Saturday, September 22, 2007

"Basic" cataloging and the training-wheel culture (with a nod to Dorthea Salo)

When I took my school's required cataloging class, I fell into cataloging because I "got" it. I enjoyed the idea of putting an item into a neatly classified box.

Admittedly, it was a naively simple understanding of cataloging.

Shortly after I finished my beginning cataloging class, I secured work as a paraprofessional cataloger at a public library. When I started, I didn't really understand very much about cataloging, but I knew that I had all of the tools that I needed to gain a better understanding.

I'd worked as a paraprofessional cataloger for about six months before I took an advanced cataloging class. The advanced class covered music, serials, e-resources, videos/dvds, and maps. By the time I took the class, I'd had on the job training on cataloging videos/dvds, music, and serials.

Basically, for lack of a better metaphor (and to steal one from Caveat Lector's Dorthea Salo), I beat cataloging with rocks until I figured out how it worked.
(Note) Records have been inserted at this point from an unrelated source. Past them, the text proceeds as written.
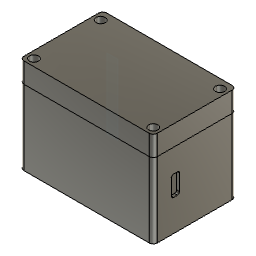
ESP32 Tally Case (Autodesk Fusion 360 design; units mm, degrees)
Autodesk Fusion 360 part; units mm, degrees
sketch "Sketch1" plane through (0, 0, 0) normal (0, 0, 1) x (1, 0, 0)
  line L0 (0, 0) -> (62, 0)
  line L1 (62, 0) -> (62, 39)
  line L2 (62, 39) -> (0, 39)
  line L3 (0, 39) -> (0, 0)
  line L4 (0, 0) -> (5, 0) construction
  line L5 (5, 0) -> (5, 5) construction
  line L6 (5, 5) -> (0, 5) construction
  line L7 (0, 5) -> (0, 0) construction
  line L8 (5, 5) -> (57, 5)
  line L9 (57, 5) -> (57, 34)
  line L10 (57, 34) -> (5, 34)
  line L11 (5, 34) -> (5, 5)
  dimension "d3" = 39
  dimension "d4" = 62
  dimension "d5" = 5
  dimension "d6" = 5
  dimension "d7" = 52
  dimension "d8" = 29
  constraint horizontal L0
  constraint vertical L1
  constraint horizontal L2
  constraint vertical L3
  constraint coincident L0.start L3.end
  constraint horizontal L4
  constraint vertical L5
  constraint horizontal L6
  constraint vertical L7
  constraint horizontal L8
  constraint vertical L9
  constraint horizontal L10
  constraint vertical L11
  measures "d3" distance of L0.start L2.end
  measures "d4" distance of L0.start L0.end
  measures "d5" distance of L0.start L4.end
  measures "d6" distance of L0.start L6.end
  measures "d7" distance of L5.end L8.end
  measures "d8" distance of L5.end L10.end
extrude "Extrude1" add sketch "Sketch1" along normal blind 8 contours L0 L1 L2 L3 | L8 L9 L10 L11 makes body 1
extrude "Extrude2" add sketch "Sketch1" along normal blind 23 bodies 1
sketch "Sketch2" plane through (0, 0, 23) normal (0, 0, 1) x (-1, 0, 0)
  line L0 (-5, -5) -> (-5, -34)
  line L1 (-5, -34) -> (-57, -34)
  line L2 (-57, -34) -> (-57, -5)
  line L3 (-57, -5) -> (-5, -5)
  line L4 (0, -39) -> (0, 0)
  line L5 (0, 0) -> (-62, 0)
  line L6 (-62, 0) -> (-62, -39)
  line L7 (-62, -39) -> (0, -39)
  line L8 (-31, -34) -> (-10.5, -34)
  line L9 (-31, -34) -> (-51.5, -34)
  line L10 (-62, -39) -> (-62, -37) construction
  line L11 (-62, -37) -> (0, -37) construction
  line L12 (-51.5, -34) -> (-10.5, -34)
  line L13 (-10.5, -34) -> (-10.5, -37)
  line L14 (-10.5, -37) -> (-51.5, -37)
  line L15 (-51.5, -37) -> (-51.5, -34)
  dimension "d13" = 20.5
  dimension "d14" = 20.5
  dimension "d15" = 2
  constraint midpoint L1 L8.start
  constraint parallel L1 L8
  constraint parallel L1 L9
  constraint coincident L6.end L7.start
  constraint perpendicular L7 L10
  constraint coincident L4 L11.end
  constraint perpendicular L4 L11
  constraint horizontal L12
  constraint vertical L13
  constraint horizontal L14
  constraint vertical L15
  constraint coincident L11 L13.end
  measures "d13" distance of L8.start L8.end
  measures "d14" distance of L8.start L9.end
  measures "d15" distance of L6.end L10.end
extrude "Extrude3" add sketch "Sketch2" along normal blind 6 bodies 1
sketch "Sketch3" plane through (0, 0, 29) normal (0, 0, 1) x (-1, 0, 0)
  line L0 (-10.5, -37) -> (-51.5, -37)
  line L1 (-51.5, -37) -> (-51.5, -34)
  line L2 (-51.5, -34) -> (-57, -34)
  line L3 (-57, -34) -> (-57, -5)
  line L4 (-57, -5) -> (-5, -5)
  line L5 (-5, -5) -> (-5, -34)
  line L6 (-5, -34) -> (-10.5, -34)
  line L7 (-10.5, -34) -> (-10.5, -37)
  line L8 (-62, -39) -> (0, -39)
  line L9 (0, -39) -> (0, 0)
  line L10 (0, 0) -> (-62, 0)
  line L11 (-62, 0) -> (-62, -39)
  line L12 (-51.5, -37) -> (-51.5, -39)
  line L13 (-10.5, -37) -> (-10.5, -39)
  constraint coincident L0.end L1.start
  constraint coincident L8 L12.end
  constraint perpendicular L8 L12
  constraint coincident L0.start L7.end
  constraint coincident L8 L13.end
  constraint perpendicular L8 L13
extrude "Extrude4" add sketch "Sketch3" along normal blind 29 contours L1 L2 L3 L4 L5 L6 L7 L8 L9 L10 L11 L12 L13 bodies 1
sketch "Sketch4" plane through (51.5, 0, 0) normal (-1, 0, 0) x (0, -1, 0)
  line L0 (-37, 23) -> (-34, 23)
  line L1 (-34, 23) -> (-34, 58)
  line L2 (-34, 58) -> (-39, 58)
  line L3 (-39, 58) -> (-39, 29)
  line L4 (-39, 29) -> (-37, 29)
  line L5 (-37, 29) -> (-37, 23)
  line L6 (-37, 29) -> (-37, 58)
  constraint coincident L4.end L5.start
  constraint coincident L2 L6.end
  constraint perpendicular L2 L6
sketch "Sketch5" plane through (10.5, 0, 0) normal (1, 0, 0) x (0, 1, 0)
  line L0 (34, 23) -> (37, 23)
  line L1 (37, 23) -> (37, 29)
  line L2 (37, 29) -> (39, 29)
  line L3 (39, 29) -> (39, 58)
  line L4 (39, 58) -> (34, 58)
  line L5 (34, 58) -> (34, 23)
  line L6 (37, 29) -> (37, 58)
  constraint coincident L1.end L2.start
  constraint coincident L4 L6.end
  constraint perpendicular L4 L6
extrude "Extrude5" add sketch "Sketch4" along normal blind 2.5 contours L2 L3 L4 L6 bodies 1
extrude "Extrude6" add sketch "Sketch5" along normal blind 2.5 contours L2 L3 L4 L6 bodies 1
extrude "Extrude7" add 1 faces at (20.6667, 0, 19.3333) along direction (0, -1, 0) blind 2 on bodies 1 bodies 1
extrude "Extrude8" add 1 faces at (62, 25.3333, 38.6667) along direction (1, 0, 0) blind 2 on bodies 1 bodies 1
extrude "Extrude9" add 1 faces at (0, 25.3333, 38.6667) along direction (-1, 0, 0) blind 2 on bodies 1 bodies 1
ref_plane "WorkPlane1" through (0, 0, 23) normal (0, 0, 1) x (1, 0, 0)
split "Split1" by plane through (0, 0, 23) normal (0, 0, 1) bodies 1 makes body 2 at (42, -2, 46.3333)
extrude "Extrude10" add 1 faces at (37, 38.3333, 29) along direction (0, 0, 1) blind 5 on bodies 2 bodies 2
sketch "Sketch6" plane through (13, 0, 0) normal (1, 0, 0) x (0, 1, 0)
  line L0 (37, 34) -> (39, 34)
  line L1 (39, 34) -> (39, 58)
  line L2 (39, 58) -> (37, 58)
  line L3 (37, 58) -> (37, 34)
  line L4 (37, 58) -> (39, 58)
  line L5 (39, 58) -> (39, 51)
  line L6 (39, 51) -> (37, 51)
  line L7 (37, 51) -> (37, 58)
  dimension "d33" = 7
  constraint horizontal L4
  constraint vertical L5
  constraint horizontal L6
  constraint vertical L7
  constraint coincident L2.end L3.start
  measures "d33" distance of L2.end L6.end
extrude "Extrude11" add sketch "Sketch6" along normal blind 40 contours L1 L2 L3 L4 L5 L6 L7 bodies 2
sketch "Sketch7" plane through (0, 34, 0) normal (0, -1, 0) x (1, 0, 0)
  line L0 (5, 23) -> (10.5, 23)
  line L1 (10.5, 23) -> (10.5, 58)
  line L2 (10.5, 58) -> (5, 58)
  line L3 (5, 58) -> (5, 23)
move_body "Move1" bodies 2 to x (1, 0, 0) y (0, 1, 0) z (0, 0, 1) at (0, 0, 2)
extrude "Extrude12" add 1 faces at (39.6667, 0.3333, 25) along direction (0, 0, -1) blind 2 on bodies 2 bodies 2
sketch "Sketch8" plane through (10.5, 0, 0) normal (1, 0, 0) x (0, 1, 0)
  line L0 (37, 23) -> (37, 60)
  line L1 (37, 60) -> (34, 60)
  line L2 (34, 60) -> (34, 23)
  line L3 (34, 23) -> (37, 23)
  line L4 (34, 23) -> (37, 23)
  line L5 (37, 23) -> (37, 25)
  line L6 (37, 25) -> (34, 25)
  line L7 (34, 25) -> (34, 23)
  dimension "d38" = 2
  constraint horizontal L4
  constraint vertical L5
  constraint horizontal L6
  constraint vertical L7
  measures "d38" distance of L2.end L6.end
extrude "Extrude13" add sketch "Sketch8" along normal blind 41 contours L0 L2 L3 L4 L5 L6 L7 bodies 2
sketch "Sketch9" plane through (0, 34, 0) normal (0, -1, 0) x (1, 0, 0)
  line L0 (10.5, 25) -> (10.5, 60)
  line L1 (10.5, 60) -> (5, 60)
  line L2 (5, 60) -> (5, 23)
  line L3 (5, 23) -> (57, 23)
  line L4 (57, 23) -> (57, 60)
  line L5 (57, 60) -> (51.5, 60)
  line L6 (51.5, 60) -> (51.5, 25)
  line L7 (51.5, 25) -> (10.5, 25)
extrude "Extrude14" add sketch "Sketch9" along normal blind 2 bodies 2
extrude "Extrude15" add 1 faces at (55.1667, 32, 36) along direction (0, -1, 0) blind 2 on bodies 2 bodies 2
sketch "Sketch10" plane through (0, 0, 25) normal (0, 0, 1) x (-1, 0, 0)
  line L0 (-10.5, -37) -> (-10.5, -30)
  line L1 (-10.5, -30) -> (-51.5, -30)
  line L2 (-51.5, -30) -> (-51.5, -37)
  line L3 (-51.5, -37) -> (-10.5, -37)
  line L4 (-51.5, -30) -> (-10.5, -30)
  line L5 (-10.5, -30) -> (-10.5, -32)
  line L6 (-10.5, -32) -> (-51.5, -32)
  line L7 (-51.5, -32) -> (-51.5, -30)
  dimension "d45" = 41
  dimension "d46" = 2
  constraint horizontal L4
  constraint vertical L5
  constraint horizontal L6
  constraint vertical L7
  constraint coincident L1.end L2.start
  measures "d45" distance of L1.end L0.end
  measures "d46" distance of L1.end L6.end
extrude "Extrude16" add sketch "Sketch10" along normal blind 25 contours L0 L1 L2 L4 L5 L6 L7 bodies 2
extrude "Extrude17" add 2 faces at (22.3333, 0.3333, 60) (37, 38.3333, 60) along direction (0, 0, 1) blind 2 separate body on bodies 2 makes body 3
extrude "Extrude18" cut 2 faces at (55.1667, 30, 61.3333) (8.6667, 30, 60.6667) along direction (0, 1, 0) blind 2 on bodies 3 bodies 3
extrude "Extrude19" add 1 faces at (51.5, 35.3333, 61.3333) along direction (-1, 0, 0) blind 41 on bodies 3 bodies 3
extrude "Extrude20" add 3 faces at (37, 33.6667, 62) (22.3333, 0.3333, 62) (37, 38.3333, 62) along direction (0, 0, 1) blind 6 on bodies 3 bodies 3
sketch "Sketch11" plane through (0, 0, 68) normal (0, 0, 1) x (-1, 0, 0)
  line L0 (-64, -39) -> (2, -39)
  line L1 (2, -39) -> (2, 2)
  line L2 (2, 2) -> (-64, 2)
  line L3 (-64, 2) -> (-64, -39)
  line L4 (-5, -32) -> (-57, -32)
  line L5 (-57, -32) -> (-57, -5)
  line L6 (-57, -5) -> (-5, -5)
  line L7 (-5, -5) -> (-5, -32)
  line L8 (-5, -32) -> (-5, -39) construction
  line L9 (-5, -5) -> (-5, 2) construction
  line L10 (-5, -5) -> (2, -5) construction
  line L11 (-57, -5) -> (-57, 2) construction
  line L12 (-57, -5) -> (-64, -5) construction
  line L13 (-57, -32) -> (-64, -32) construction
  line L14 (-57, -32) -> (-57, -39) construction
  line L15 (-5, -32) -> (2, -32) construction
  line L16 (-5, 2) -> (-7, 2) construction
  line L17 (-57, 2) -> (-55, 2) construction
  line L18 (-5, 2) -> (-5, 0) construction
  line L19 (-5, -39) -> (-5, -37) construction
  line L20 (-55, 2) -> (-55, 0) construction
  line L21 (-5, -37) -> (-7, -37)
  line L22 (-7, -37) -> (-55, -37)
  line L23 (-55, -37) -> (-55, 0)
  line L24 (-55, 0) -> (-7, 0)
  line L25 (-7, 0) -> (-7, -37)
  line L26 (-64, -5) -> (-62, -5) construction
  line L27 (-62, -5) -> (-62, -7) construction
  line L28 (-62, -7) -> (-64, -7) construction
  line L29 (-64, -7) -> (-64, -5) construction
  line L30 (2, -32) -> (0, -32)
  line L31 (0, -32) -> (0, -30)
  line L32 (0, -30) -> (2, -30)
  line L33 (2, -30) -> (2, -32)
  line L34 (0, -30) -> (-62, -30)
  line L35 (-62, -30) -> (-62, -7)
  line L36 (-62, -7) -> (0, -7)
  line L37 (0, -7) -> (0, -30)
  dimension "d57" = 2
  dimension "d58" = 2
  dimension "d59" = 2
  dimension "d60" = 2
  dimension "d61" = 2
  dimension "d62" = 2
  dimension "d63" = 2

Speaking of Dorthea Salo, she talks about the "training-wheels" culture in this post at Caveat Lector.

Salo seems to have lost her patience with those who aren't willing to figure things out on their own, but rather wait with baited breath for the training session. She uses cataloging as a prime example of the "training-wheels" culture in action.

Library schools are offering fewer and fewer cataloging classes, it's true, which means that catalogers-in-training will be more responsible for teaching themselves the nitty gritty of format-specific cataloging.

I think that library schools owe their students at the very least a basic understanding of how library catalogs are designed to work in terms of search and retrieval. They also owe their students as basic understanding of subject analysis and classification schemes.

Knowing how these things works makes you a better librarian no matter what area of librarianship "calls" to you.

But I've never been certain that asking a person who has no interest in cataloging to create an "original" record has any significant value for the student beyond turning them off to cataloging.

If I were teaching a "basic" cataloging course, I would teach students how to "use" a library catalog. I would teach them search strategies that can be used with all catalogs, regardless of vendor. I would teach students about controlled vocabulary and how subject headings are formed. I would teach students how to read bibliographic records. I would teach students about DDC and LC in general terms, and get them familiar with what goes where.

Librarians of every kind learn a lot on the job. Why should cataloging be any different?

2 comments:

Unknown said...

I too had to basically "beat cataloging with rocks" to learn it on the job, even though I thought my cataloging classes were good. I don't think you can expect to turn out great catalogers after one or two classes. The most important thing I learned in my classes was "where to look things up." Of course, at that time (1987), the places to look things up were not online, so you had to have access to a lot of bulky documentation and know how it was arranged. When cataloging discussion lists first started I was thrilled by the ability to ask questions of other practitioners. Now, however, there is a wealth of information at a cataloger's fingertips. The key is knowing where to look and how to find good examples of accepted practice.

I too lack patience with those who are not willing to figure things out on their own, but I've learned that some people simply do not learn the way I do. Many people cannot read instructions to learn something new. And, many people feel that they are so "busy" that they don't have time to sit down and work something out. Catalogers tend to be production-oriented people. They want to have completed a certain amount of work to feel good about how they spent their time. You don't get anything "done" when you fiddle with a new interface to see how it works, or spend time investigating the pros and cons of something like multiple versions or indexing rules for your local system, or learning how to catalog serials when all you've done up to now has been monographic.

Granted, many people are pressured by their workload and staffing shortages that they really don't have time to spend on learning. Sometimes it takes leaving the workplace and going to a training session to force that time availability.

But having said all that, I am still frustrated by "professionals" that I know who are incredibly busy doing things that are not the most important things they could be doing, simply because it's familiar and they already know how to do it (and they might be really good at it.)

Erin said...

You make some great points, Patricia, about cataloging be production-oriented. When I started out in cataloging, our department was very production-centered. You're success was based on your output, and it really would have been hard to justify a month's-worth of low numbers because you were teaching yourself something.

Perhaps this is why people are so dependent on training sessions. You can take the time you need to learn cataloging while, at the same time, looking "busy."